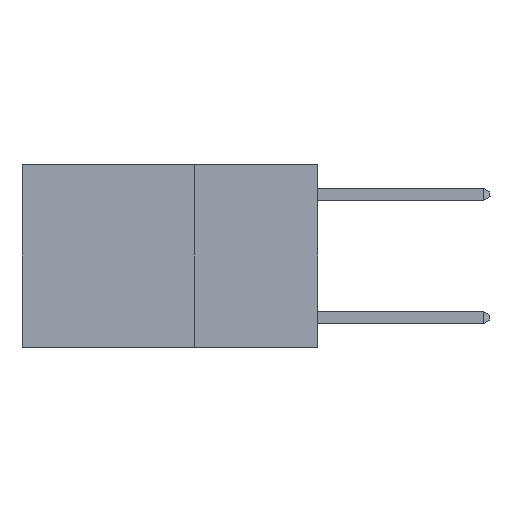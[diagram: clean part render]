
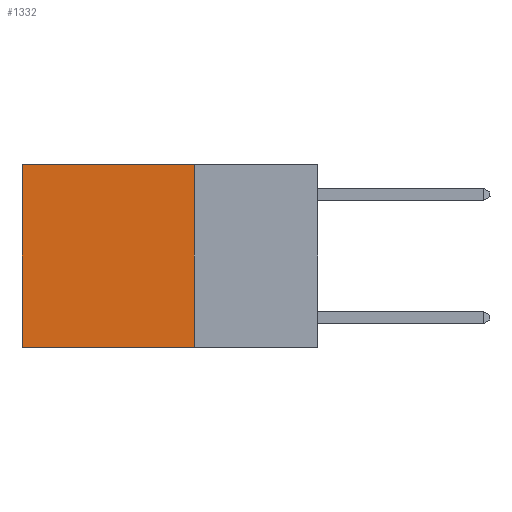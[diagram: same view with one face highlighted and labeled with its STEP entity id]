
A CAD part, left-side view. The second image highlights one B-rep face of the part: STEP entity #1332.
In plain terms, the highlighted planar face has unit normal (-1, 0, 0).
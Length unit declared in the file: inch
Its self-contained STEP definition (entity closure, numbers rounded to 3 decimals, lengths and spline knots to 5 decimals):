
#74 = ORIENTED_EDGE ( 'NONE', *, *, #7584, .T. ) ;
#460 = VERTEX_POINT ( 'NONE', #10249 ) ;
#464 = ORIENTED_EDGE ( 'NONE', *, *, #10242, .F. ) ;
#1332 = ADVANCED_FACE ( 'NONE', ( #2901 ), #4340, .F. ) ;
#1680 = LINE ( 'NONE', #7996, #4356 ) ;
#1792 = DIRECTION ( 'NONE',  ( 0., 0., -1. ) ) ;
#2587 = EDGE_CURVE ( 'NONE', #3752, #460, #1680, .T. ) ;
#2662 = EDGE_CURVE ( 'NONE', #3752, #4030, #4350, .T. ) ;
#2778 = LINE ( 'NONE', #5917, #2780 ) ;
#2780 = VECTOR ( 'NONE', #5956, 39.37008 ) ;
#2901 = FACE_OUTER_BOUND ( 'NONE', #9731, .T. ) ;
#3582 = CARTESIAN_POINT ( 'NONE',  ( 0.2625, 0.25, 0. ) ) ;
#3752 = VERTEX_POINT ( 'NONE', #4371 ) ;
#3971 = VERTEX_POINT ( 'NONE', #8689 ) ;
#4030 = VERTEX_POINT ( 'NONE', #5091 ) ;
#4340 = PLANE ( 'NONE',  #7484 ) ;
#4350 = LINE ( 'NONE', #5806, #9500 ) ;
#4356 = VECTOR ( 'NONE', #1792, 39.37008 ) ;
#4371 = CARTESIAN_POINT ( 'NONE',  ( 0.2625, 0.25, 0. ) ) ;
#5091 = CARTESIAN_POINT ( 'NONE',  ( 0.2625, 0.6, 0. ) ) ;
#5164 = DIRECTION ( 'NONE',  ( 1., 0., 0. ) ) ;
#5244 = ORIENTED_EDGE ( 'NONE', *, *, #2587, .F. ) ;
#5740 = LINE ( 'NONE', #5786, #10182 ) ;
#5786 = CARTESIAN_POINT ( 'NONE',  ( 0.2625, 0.25, -0.37 ) ) ;
#5806 = CARTESIAN_POINT ( 'NONE',  ( 0.2625, 0.25, 0. ) ) ;
#5917 = CARTESIAN_POINT ( 'NONE',  ( 0.2625, 0.6, 0. ) ) ;
#5956 = DIRECTION ( 'NONE',  ( 0., 0., -1. ) ) ;
#6637 = DIRECTION ( 'NONE',  ( 0., 1., 0. ) ) ;
#7019 = ORIENTED_EDGE ( 'NONE', *, *, #2662, .T. ) ;
#7484 = AXIS2_PLACEMENT_3D ( 'NONE', #3582, #5164, #8446 ) ;
#7584 = EDGE_CURVE ( 'NONE', #4030, #3971, #2778, .T. ) ;
#7996 = CARTESIAN_POINT ( 'NONE',  ( 0.2625, 0.25, 0. ) ) ;
#8446 = DIRECTION ( 'NONE',  ( 0., 0., -1. ) ) ;
#8689 = CARTESIAN_POINT ( 'NONE',  ( 0.2625, 0.6, -0.37 ) ) ;
#8928 = DIRECTION ( 'NONE',  ( 0., 1., 0. ) ) ;
#9500 = VECTOR ( 'NONE', #6637, 39.37008 ) ;
#9731 = EDGE_LOOP ( 'NONE', ( #74, #464, #5244, #7019 ) ) ;
#10182 = VECTOR ( 'NONE', #8928, 39.37008 ) ;
#10242 = EDGE_CURVE ( 'NONE', #460, #3971, #5740, .T. ) ;
#10249 = CARTESIAN_POINT ( 'NONE',  ( 0.2625, 0.25, -0.37 ) ) ;

_ _ _ _ _ _ _

> _What to do_
Please write out the entire listing above exactly, but leave the pictures out.

> _The completed task_
[diagram: clean part render]
[diagram: same view with one face highlighted and labeled with its STEP entity id]
A CAD part, left-side view. The second image highlights one B-rep face of the part: STEP entity #1332.
In plain terms, the highlighted planar face has unit normal (-1, 0, 0).
Length unit declared in the file: inch
Its self-contained STEP definition (entity closure, numbers rounded to 3 decimals, lengths and spline knots to 5 decimals):
#74 = ORIENTED_EDGE ( 'NONE', *, *, #7584, .T. ) ;
#460 = VERTEX_POINT ( 'NONE', #10249 ) ;
#464 = ORIENTED_EDGE ( 'NONE', *, *, #10242, .F. ) ;
#1332 = ADVANCED_FACE ( 'NONE', ( #2901 ), #4340, .F. ) ;
#1680 = LINE ( 'NONE', #7996, #4356 ) ;
#1792 = DIRECTION ( 'NONE',  ( 0., 0., -1. ) ) ;
#2587 = EDGE_CURVE ( 'NONE', #3752, #460, #1680, .T. ) ;
#2662 = EDGE_CURVE ( 'NONE', #3752, #4030, #4350, .T. ) ;
#2778 = LINE ( 'NONE', #5917, #2780 ) ;
#2780 = VECTOR ( 'NONE', #5956, 39.37008 ) ;
#2901 = FACE_OUTER_BOUND ( 'NONE', #9731, .T. ) ;
#3582 = CARTESIAN_POINT ( 'NONE',  ( 0.2625, 0.25, 0. ) ) ;
#3752 = VERTEX_POINT ( 'NONE', #4371 ) ;
#3971 = VERTEX_POINT ( 'NONE', #8689 ) ;
#4030 = VERTEX_POINT ( 'NONE', #5091 ) ;
#4340 = PLANE ( 'NONE',  #7484 ) ;
#4350 = LINE ( 'NONE', #5806, #9500 ) ;
#4356 = VECTOR ( 'NONE', #1792, 39.37008 ) ;
#4371 = CARTESIAN_POINT ( 'NONE',  ( 0.2625, 0.25, 0. ) ) ;
#5091 = CARTESIAN_POINT ( 'NONE',  ( 0.2625, 0.6, 0. ) ) ;
#5164 = DIRECTION ( 'NONE',  ( 1., 0., 0. ) ) ;
#5244 = ORIENTED_EDGE ( 'NONE', *, *, #2587, .F. ) ;
#5740 = LINE ( 'NONE', #5786, #10182 ) ;
#5786 = CARTESIAN_POINT ( 'NONE',  ( 0.2625, 0.25, -0.37 ) ) ;
#5806 = CARTESIAN_POINT ( 'NONE',  ( 0.2625, 0.25, 0. ) ) ;
#5917 = CARTESIAN_POINT ( 'NONE',  ( 0.2625, 0.6, 0. ) ) ;
#5956 = DIRECTION ( 'NONE',  ( 0., 0., -1. ) ) ;
#6637 = DIRECTION ( 'NONE',  ( 0., 1., 0. ) ) ;
#7019 = ORIENTED_EDGE ( 'NONE', *, *, #2662, .T. ) ;
#7484 = AXIS2_PLACEMENT_3D ( 'NONE', #3582, #5164, #8446 ) ;
#7584 = EDGE_CURVE ( 'NONE', #4030, #3971, #2778, .T. ) ;
#7996 = CARTESIAN_POINT ( 'NONE',  ( 0.2625, 0.25, 0. ) ) ;
#8446 = DIRECTION ( 'NONE',  ( 0., 0., -1. ) ) ;
#8689 = CARTESIAN_POINT ( 'NONE',  ( 0.2625, 0.6, -0.37 ) ) ;
#8928 = DIRECTION ( 'NONE',  ( 0., 1., 0. ) ) ;
#9500 = VECTOR ( 'NONE', #6637, 39.37008 ) ;
#9731 = EDGE_LOOP ( 'NONE', ( #74, #464, #5244, #7019 ) ) ;
#10182 = VECTOR ( 'NONE', #8928, 39.37008 ) ;
#10242 = EDGE_CURVE ( 'NONE', #460, #3971, #5740, .T. ) ;
#10249 = CARTESIAN_POINT ( 'NONE',  ( 0.2625, 0.25, -0.37 ) ) ;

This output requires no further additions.